There may be as many different reasons why parents choose to homeschool as there are homeschooled children, but as a general rule, parents cite one or more of the following reasons for circumventing the public school system and managing their youngster’s education at home:
Homeschooling on the Rise - Red Apple Reading

  • Religious beliefs
  • Family values
  • The child’s individual needs
  • Disappointment with academic standards
  • Concern over school/teacher quality
  • Fear of bullying, violence, peer pressure, or other issues related to the school environment
Religious Beliefs and Family Values
Homeschooling was pioneered by parents who desired a religious education for their children—one that incorporates spirituality and religious doctrine into the curriculum alongside reading, writing, and arithmetic. Religion is still one of the primary reasons parents choose to homeschool today. As legislators continue to take more targeted measures to take God out of the school system, those with strong religious beliefs will likely seek other sources of education such as private school and homeschooling.

Even atheists homeschool their children, however, so there’s more to the trend than just religion. Many parents who don’t consider themselves religious or affiliate themselves with a certain denomination still seek a learning environment for their children that emphasizes their own personal values, rather than those taught through school-wide “character education” initiatives.

Needs of the Child
Other parents cite the individual needs of their child as the primary reason for choosing homeschooling over the public education system. Since every public school has special education programs, why do parents find it necessary to educate their own children rather than subscribing them to these specialized programs?

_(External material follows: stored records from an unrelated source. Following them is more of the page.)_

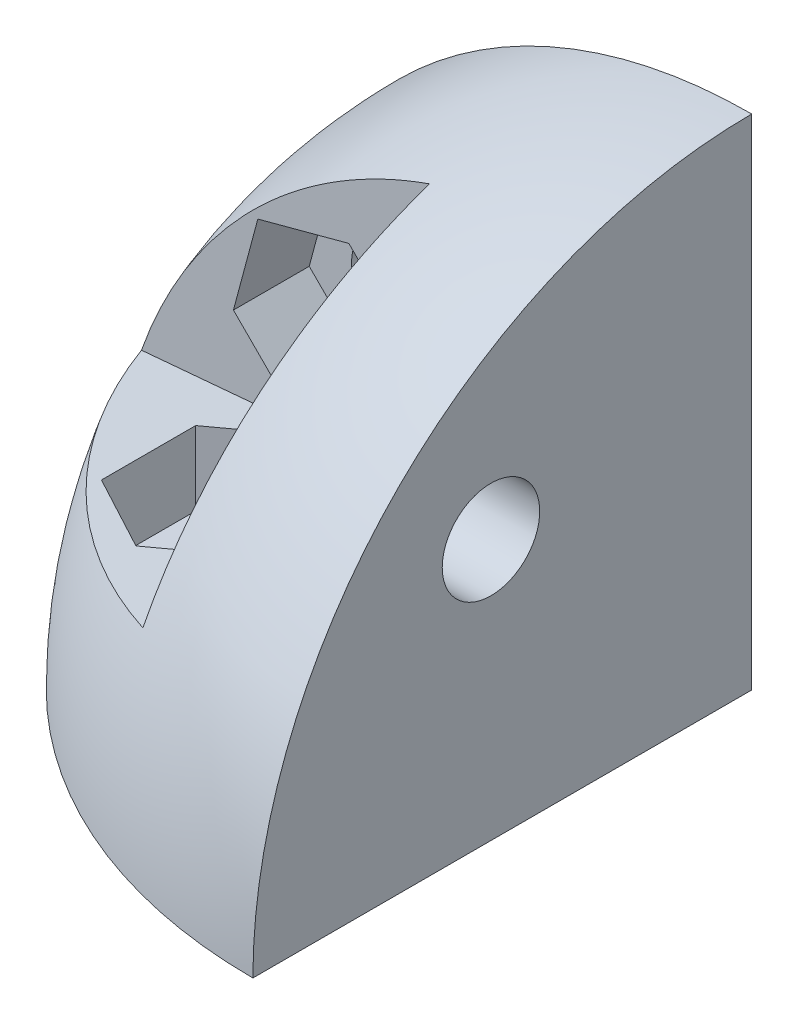
ISO-10303-21;
HEADER;
FILE_DESCRIPTION(('STEP AP214'),'2;1');
FILE_NAME('part.step','',(''),(''),'','','');
FILE_SCHEMA(('AUTOMOTIVE_DESIGN { 1 0 10303 214 1 1 1 1 }'));
ENDSEC;
DATA;
#1=APPLICATION_CONTEXT('core data for automotive mechanical design processes');
#2=APPLICATION_PROTOCOL_DEFINITION('international standard','automotive_design',2000,#1);
#3=PRODUCT_CONTEXT('',#1,'mechanical');
#4=PRODUCT('Part','Part','',(#3));
#5=PRODUCT_RELATED_PRODUCT_CATEGORY('part','',(#4));
#6=PRODUCT_DEFINITION_FORMATION('','',#4);
#7=PRODUCT_DEFINITION_CONTEXT('part definition',#1,'design');
#8=PRODUCT_DEFINITION('design','',#6,#7);
#9=PRODUCT_DEFINITION_SHAPE('','',#8);
#10=(LENGTH_UNIT() NAMED_UNIT(*) SI_UNIT(.MILLI.,.METRE.));
#11=(NAMED_UNIT(*) PLANE_ANGLE_UNIT() SI_UNIT($,.RADIAN.));
#12=(NAMED_UNIT(*) SI_UNIT($,.STERADIAN.) SOLID_ANGLE_UNIT());
#13=UNCERTAINTY_MEASURE_WITH_UNIT(LENGTH_MEASURE(1.E-05),#10,'distance_accuracy_value','');
#14=(GEOMETRIC_REPRESENTATION_CONTEXT(3) GLOBAL_UNCERTAINTY_ASSIGNED_CONTEXT((#13)) GLOBAL_UNIT_ASSIGNED_CONTEXT((#10,
#11,#12)) REPRESENTATION_CONTEXT('',''));
#15=CARTESIAN_POINT('',(0.,0.,0.));
#16=DIRECTION('',(0.,0.,1.));
#17=DIRECTION('',(1.,0.,0.));
#18=AXIS2_PLACEMENT_3D('',#15,#16,#17);
#19=CARTESIAN_POINT('',(-7.90000000000001,7.9,7.34307806183461));
#20=DIRECTION('',(0.,0.,-1.));
#21=DIRECTION('',(0.,1.,0.));
#22=AXIS2_PLACEMENT_3D('',#19,#20,#21);
#23=CONICAL_SURFACE('',#22,3.61416995083759,1.04889691310922);
#24=CARTESIAN_POINT('',(-13.7597303739018,7.16751282172458,6.0254597705994));
#25=CARTESIAN_POINT('',(-13.5178004933912,7.23233773783236,6.16811573450718));
#26=CARTESIAN_POINT('',(-13.2758174682111,7.29717689401142,6.3106760215065));
#27=CARTESIAN_POINT('',(-12.7916215190662,7.4269168075632,6.5954049431576));
#28=CARTESIAN_POINT('',(-12.5494085848063,7.49181756769452,6.73757355903885));
#29=CARTESIAN_POINT('',(-12.064677399873,7.62170089724359,7.02129048229639));
#30=CARTESIAN_POINT('',(-11.8221591838761,7.68668345736979,7.16283885315127));
#31=CARTESIAN_POINT('',(-11.3365695025941,7.81679682032218,7.44489817125003));
#32=CARTESIAN_POINT('',(-11.0934980564342,7.8819276180238,7.58540915366466));
#33=CARTESIAN_POINT('',(-10.7282803815609,7.97978739906767,7.79450328180227));
#34=CARTESIAN_POINT('',(-10.6065486806147,8.01240531002948,7.86386124092355));
#35=CARTESIAN_POINT('',(-10.3626612035475,8.07775476255368,8.00179346856782));
#36=CARTESIAN_POINT('',(-10.2405054007206,8.11048631127194,8.07036768652657));
#37=CARTESIAN_POINT('',(-9.99549346992604,8.17613706026432,8.20632282656691));
#38=CARTESIAN_POINT('',(-9.87263702354366,8.20905634585744,8.27370313749384));
#39=CARTESIAN_POINT('',(-9.68755556730266,8.25864877259119,8.37316938264805));
#40=CARTESIAN_POINT('',(-9.6257325429899,8.27521420202945,8.40605557517843));
#41=CARTESIAN_POINT('',(-9.5017270068239,8.30844138530211,8.47109198849914));
#42=CARTESIAN_POINT('',(-9.43954450226494,8.32510313718203,8.50324222415769));
#43=CARTESIAN_POINT('',(-9.31438674841064,8.35863905625379,8.56667379101767));
#44=CARTESIAN_POINT('',(-9.25140910796897,8.37551386415135,8.59795009460218));
#45=CARTESIAN_POINT('',(-9.1247826143018,8.40944333086985,8.65900342998442));
#46=CARTESIAN_POINT('',(-9.06113381331834,8.42649797569258,8.68878057744725));
#47=CARTESIAN_POINT('',(-8.93280023412669,8.46088485459878,8.74612780535509));
#48=CARTESIAN_POINT('',(-8.86811425358402,8.4782174108468,8.7736950626977));
#49=CARTESIAN_POINT('',(-8.73747712852891,8.51322152300684,8.82532191581052));
#50=CARTESIAN_POINT('',(-8.67152642462045,8.53089296085938,8.84938270891443));
#51=CARTESIAN_POINT('',(-8.51709917536303,8.57227161758726,8.89858079163729));
#52=CARTESIAN_POINT('',(-8.42797068818243,8.59615352374991,8.92174467704258));
#53=CARTESIAN_POINT('',(-8.29269334533905,8.63240097851902,8.94430765209405));
#54=CARTESIAN_POINT('',(-8.24751286721405,8.64450705114627,8.94980011196458));
#55=CARTESIAN_POINT('',(-8.15684785766095,8.66880066723778,8.95615976874845));
#56=CARTESIAN_POINT('',(-8.11136341795623,8.68098818612484,8.95702830300233));
#57=CARTESIAN_POINT('',(-8.02062808185029,8.7053006461594,8.95403125109313));
#58=CARTESIAN_POINT('',(-7.97537691392853,8.7174256600606,8.9501740840513));
#59=CARTESIAN_POINT('',(-7.88540088404932,8.74153466460489,8.93821796007714));
#60=CARTESIAN_POINT('',(-7.84067624732852,8.753518594896,8.93011725078673));
#61=CARTESIAN_POINT('',(-7.75121073540061,8.77749080656753,8.91031176938812));
#62=CARTESIAN_POINT('',(-7.70648224209259,8.78947577022807,8.89854866453492));
#63=CARTESIAN_POINT('',(-7.61778836241368,8.81324122366162,8.87231935173843));
#64=CARTESIAN_POINT('',(-7.57382295375336,8.82502171940705,8.85785322289519));
#65=CARTESIAN_POINT('',(-7.47555382565447,8.85135285292206,8.823018810311));
#66=CARTESIAN_POINT('',(-7.42144028821628,8.86585253157822,8.80208224754278));
#67=CARTESIAN_POINT('',(-7.31402932213911,8.89463321319684,8.75805886758644));
#68=CARTESIAN_POINT('',(-7.26073216014678,8.90891414471156,8.73497136458489));
#69=CARTESIAN_POINT('',(-7.15469912971838,8.93732560958587,8.6872669230047));
#70=CARTESIAN_POINT('',(-7.10196411681242,8.95145591370687,8.66264796041342));
#71=CARTESIAN_POINT('',(-6.99697375247636,8.97958799704376,8.61233414070121));
#72=CARTESIAN_POINT('',(-6.9447184341272,8.99358976739565,8.58663921004837));
#73=CARTESIAN_POINT('',(-6.79523800622912,9.0336429273352,8.51176631682021));
#74=CARTESIAN_POINT('',(-6.69846710412719,9.05957261240425,8.46161856166965));
#75=CARTESIAN_POINT('',(-6.55407764794885,9.0982616505828,8.38529203790327));
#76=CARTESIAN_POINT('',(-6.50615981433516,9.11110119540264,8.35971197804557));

There could be a couple of reasons for this: either parents are finding these special education programs inadequate, or children who do not meet the requirements for these special needs programs aren’t having their needs met within the traditional classroom setting. Although both of these reasons could very well be contributing to the rise of homeschooling, the latter seems particularly interesting. With the overcrowding in today’s classrooms coupled with shrinking teacher salaries, it comes as no surprise that some children may be slipping through the cracks. Perhaps this is one of the reasons we’re seeing more and more homeschoolers across various demographics?

School Quality Issues
As I mentioned, many parents have either foregone the public education system altogether or pulled their children out of school in favor of homeschooling as a result of concern over school quality. Whether it be the quality of academic standards in general or specific concerns over teacher quality, school quality, or issues surrounding the learning environment such as bullying, violence, or peer pressure, many parents believe they can do a better job of educating their children that the public education system can.

Have you considered homeschooling for any of these reasons, or another reason altogether? Let us know in the comments section below.


Tracy Hanson · July 30, 2012 at 4:24 am

There is nothing “quirky” about homeschooling nor are families primarily homeschooling for religious reasons any more. They do it because they are fed up with the public schools as well as for the safety of their children. Unfortunately, other then getting them out of poor social situations, most aren’t doing anything differently from the schools. They too often use miss-fitted text books, workbooks and worksheets. Some families may enhance with field trips but unfortunately not many.
K12 Next Generation believes that HOW we deliver education is what is at fault and when we can change that then children will successfully learn in any educational model. So, what is the HOW? It involved 3 things.:
1) It is recognized that we don’t all learn the same way or at the same pace yet we continue to arbitrarily group kids together by age (referred to as grade levels) These levels are removed to allow students to flow seamlessly through the curriculum by demonstrating mastery of concepts.
2) Teachers are trained to lead groups of students in learning. They have so much material to get through and attempt to do so whether all the children are ready or not. We believe that this is the main cause for the rising behavior issues in the schools; frustration and boredom. Instead, teachers need to learn how to become coaches, facilitators, mentors – to individual students. They need to give the responsibility of learning back to the students being ready to help when they falter.
3) They need a tool use to make this all happen. That is what K12 Next Generation, educators from around the world, how to design; a global curriculum continuum that is engaging, interactive, flexible and fun, that incorporates the various learning styes and allows students to move through at their own pace. No textbooks but Open Educational Resources are used to develop the curriculum uses the Common Core and International standards as its foundation. A global curriculum developed by a global community of educators and individuals for a global group of learners. It is a collaboration that will make everyone winners.
The problem? People would rather stay in their own “holes” doing the same thing everyone else in their “holes” are doing rather then banned together. There are some wonderful things happening in education around the world yet they generally go unnoticed and are making little to no impact on the quality of education. However, if we joined together all the pieces, the picture would come into focus and change will occur.
Where a child learns will no longer be an issue for this tool would be available to all.
In ending, I urge you and all others reading this to visit our site, join and help us build a better way.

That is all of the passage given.